[Opening DATASET CONTENT section]

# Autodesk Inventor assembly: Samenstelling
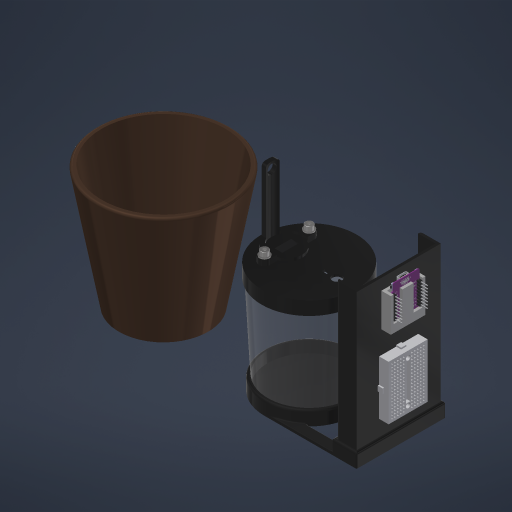
[picture p0: Inventor's stored thumbnail of the model, 512x512]
Saved by Autodesk Inventor 2024 (Build 280153000, 153)
## iProperties
Manager: Bracquené Frank
Company: Hogeschool Gent
Created: 2023-11-03
Part Number: Samenstelling
Catalog Web Link: http://emmausbovenbouw.op-weg.be/
Vendor: Emmaüs Bovenbouw Aalter
Document SubType Name: Assembly
Designer: Louis
Engineer: Declercq St.
Authority: Declercq St.
Title: Wheel of Fortune
Author: Louis
## Documents named in this file (14)
- C:\Autodesk\Vault\Workingfolder - ELM3 - Project IIoT - Plant Irrigation System\Engineering Data\Plant Irrigation System.iam
- C:\Autodesk\Vault\Workingfolder - ELM3 - Project IIoT - Plant Irrigation System\Engineering Data\Base.ipt
- C:\Autodesk\Vault\Workingfolder - ELM3 - Project IIoT - Plant Irrigation System\Engineering Data\Powerbank Holder.ipt
- C:\Autodesk\Vault\Workingfolder - ELM3 - Project IIoT - Plant Irrigation System\Engineering Data\Flowerpot.ipt
- C:\Autodesk\Vault\Workingfolder - ELM3 - Project IIoT - Plant Irrigation System\Engineering Data\Glas - Reservoir.ipt
- C:\Autodesk\Vault\Workingfolder - ELM3 - Project IIoT - Plant Irrigation System\Engineering Data\Reservoir Cap.ipt
- C:\Autodesk\Vault\Workingfolder - ELM3 - Project IIoT - Plant Irrigation System\Engineering Data\Mini breadboard.ipt
- C:\Autodesk\Vault\Workingfolder - ELM3 - Project IIoT - Plant Irrigation System\Engineering Data\LOLIN C3 Mini Holder.ipt
- C:\Autodesk\Vault\Workingfolder - ELM3 - Project IIoT - Plant Irrigation System\Engineering Data\Tube holder.ipt
- C:\Autodesk\Vault\Workingfolder - ELM3 - Project IIoT - Plant Irrigation System\Engineering Data\Filler Cap.ipt
- C:\Autodesk\Vault\Workingfolder - ELM3 - Project IIoT - Plant Irrigation System\Engineering Data\Imported CAD Files\LOLIN C3 Mini\LOLIN C3 Mini.iam
- C:\Autodesk\Vault\Workingfolder - ELM3 - Project IIoT - Plant Irrigation System\Content Center\en-US\DIN 125-1  A\DIN 125 - A 4.3.ipt
- C:\Autodesk\Vault\Workingfolder - ELM3 - Project IIoT - Plant Irrigation System\Content Center\en-US\DIN 912\DIN 912 - M4 x 0.7 x 16 x 14.25.ipt
- C:\Autodesk\Vault\Workingfolder - ELM3 - Project IIoT - Plant Irrigation System\Content Center\en-US\ISO 10511\ISO 10511 - M4.ipt
## Components (18 placed, 13 different names)
1. Base:1 — Mate:1, Mate:2, Mate:3, Flush:1, Mate:4, Mate:5, Mate:6, Mate:9
2. Powerbank Holder:1 — Mate:1, Mate:2, Mate:3, Mate:21, Mate:22, Flush:2, Mate:26, Flush:3
3. Flowerpot:1 — Flush:1, Mate:4
4. Glas - Reservoir:1 — Mate:5, Mate:6, Mate:7, Mate:8
5. Reservoir Cap:1 — Mate:7, Mate:8, Mate:9, Mate:28, Mate:29, Mate:30, Mate:41, Mate:43
6. Mini breadboard:1 — Mate:21, Mate:26, Mate:27
7. LOLIN C3 Mini Holder:1 — Mate:22, Flush:2, Flush:3, Mate:27, Mate:33, Mate:34, Mate:35
8. Tube holder:1 — Mate:28, Mate:29, Mate:30, Mate:31, Mate:32, Mate:36, Mate:37, Mate:38, Mate:39, Mate:40, Mate:42
9. Filler Cap:1 — Mate:31, Mate:32
10. LOLIN C3 Mini:1 [sub-assembly] — Mate:33, Mate:34, Mate:35
11. DIN 125-1 A A 4.3:1 — Mate:36, Mate:37, Insert:1
12. DIN 912 - replaced by DIN EN ISO 4762 M4 x 16:1 — Insert:1
13. DIN 125-1 A A 4.3:2 — Mate:40, Mate:41, Insert:3
14. DIN EN ISO 10511 M4:1 — Insert:3
15. DIN 125-1 A A 4.3:3 — Mate:38, Mate:39, Insert:2
16. DIN 912 - replaced by DIN EN ISO 4762 M4 x 16:2 — Insert:2
17. DIN 125-1 A A 4.3:4 — Mate:42, Mate:43, Insert:4
18. DIN EN ISO 10511 M4:2 — Insert:4
## Relationships (36: Mate 29, Insert 4, Flush 3)
- Mate:1: Base:1 ↔ Powerbank Holder:1
- Mate:2 (0.25 mm): Base:1 ↔ Powerbank Holder:1
- Mate:3 (0.25 mm): Base:1 ↔ Powerbank Holder:1
- Flush:1: Base:1 ↔ Flowerpot:1
- Mate:4: Base:1 ↔ Flowerpot:1
- Mate:5: Base:1 ↔ Glas - Reservoir:1
- Mate:6: Base:1 ↔ Glas - Reservoir:1
- Mate:7: Glas - Reservoir:1 ↔ Reservoir Cap:1
- Mate:8: Glas - Reservoir:1 ↔ Reservoir Cap:1
- Mate:9: Base:1 ↔ Reservoir Cap:1
- Mate:21: Powerbank Holder:1 ↔ Mini breadboard:1
- Mate:22: Powerbank Holder:1 ↔ LOLIN C3 Mini Holder:1
- Flush:2: Powerbank Holder:1 ↔ LOLIN C3 Mini Holder:1
- Mate:26: Powerbank Holder:1 ↔ Mini breadboard:1
- Flush:3 (10 mm): Powerbank Holder:1 ↔ LOLIN C3 Mini Holder:1
- Mate:27 (20 mm): Mini breadboard:1 ↔ LOLIN C3 Mini Holder:1
- Mate:28: Reservoir Cap:1 ↔ Tube holder:1
- Mate:29: Reservoir Cap:1 ↔ Tube holder:1
- Mate:30: Reservoir Cap:1 ↔ Tube holder:1
- Mate:31: Tube holder:1 ↔ Filler Cap:1
- Mate:32: Tube holder:1 ↔ Filler Cap:1
- Mate:33: LOLIN C3 Mini Holder:1 ↔ LOLIN C3 Mini:1
- Mate:34: LOLIN C3 Mini Holder:1 ↔ LOLIN C3 Mini:1
- Mate:35 (0.3 mm): LOLIN C3 Mini Holder:1 ↔ LOLIN C3 Mini:1
- Mate:36: Tube holder:1 ↔ DIN 125-1 A A 4.3:1
- Mate:37: Tube holder:1 ↔ DIN 125-1 A A 4.3:1
- Mate:38: Tube holder:1 ↔ DIN 125-1 A A 4.3:3
- Mate:39: Tube holder:1 ↔ DIN 125-1 A A 4.3:3
- Insert:1: DIN 125-1 A A 4.3:1 ↔ DIN 912 - replaced by DIN EN ISO 4762 M4 x 16:1
- Insert:2: DIN 125-1 A A 4.3:3 ↔ DIN 912 - replaced by DIN EN ISO 4762 M4 x 16:2
- Mate:40: Tube holder:1 ↔ DIN 125-1 A A 4.3:2
- Mate:41: Reservoir Cap:1 ↔ DIN 125-1 A A 4.3:2
- Mate:42: Tube holder:1 ↔ DIN 125-1 A A 4.3:4
- Mate:43: Reservoir Cap:1 ↔ DIN 125-1 A A 4.3:4
- Insert:3: DIN 125-1 A A 4.3:2 ↔ DIN EN ISO 10511 M4:1
- Insert:4: DIN 125-1 A A 4.3:4 ↔ DIN EN ISO 10511 M4:2

[Closing DATASET CONTENT section]

● **TASK STATEMENT**: Your answer should consist of the lines from the line with "16 x 14.25.ipt" to the line with "9. Filler Cap:1 — Mate:31, Mate:32" above, repeated exactly, both ends included.

● **RESPONSE AREA**:
- C:\Autodesk\Vault\Workingfolder - ELM3 - Project IIoT - Plant Irrigation System\Content Center\en-US\DIN 912\DIN 912 - M4 x 0.7 x 16 x 14.25.ipt
- C:\Autodesk\Vault\Workingfolder - ELM3 - Project IIoT - Plant Irrigation System\Content Center\en-US\ISO 10511\ISO 10511 - M4.ipt
## Components (18 placed, 13 different names)
1. Base:1 — Mate:1, Mate:2, Mate:3, Flush:1, Mate:4, Mate:5, Mate:6, Mate:9
2. Powerbank Holder:1 — Mate:1, Mate:2, Mate:3, Mate:21, Mate:22, Flush:2, Mate:26, Flush:3
3. Flowerpot:1 — Flush:1, Mate:4
4. Glas - Reservoir:1 — Mate:5, Mate:6, Mate:7, Mate:8
5. Reservoir Cap:1 — Mate:7, Mate:8, Mate:9, Mate:28, Mate:29, Mate:30, Mate:41, Mate:43
6. Mini breadboard:1 — Mate:21, Mate:26, Mate:27
7. LOLIN C3 Mini Holder:1 — Mate:22, Flush:2, Flush:3, Mate:27, Mate:33, Mate:34, Mate:35
8. Tube holder:1 — Mate:28, Mate:29, Mate:30, Mate:31, Mate:32, Mate:36, Mate:37, Mate:38, Mate:39, Mate:40, Mate:42
9. Filler Cap:1 — Mate:31, Mate:32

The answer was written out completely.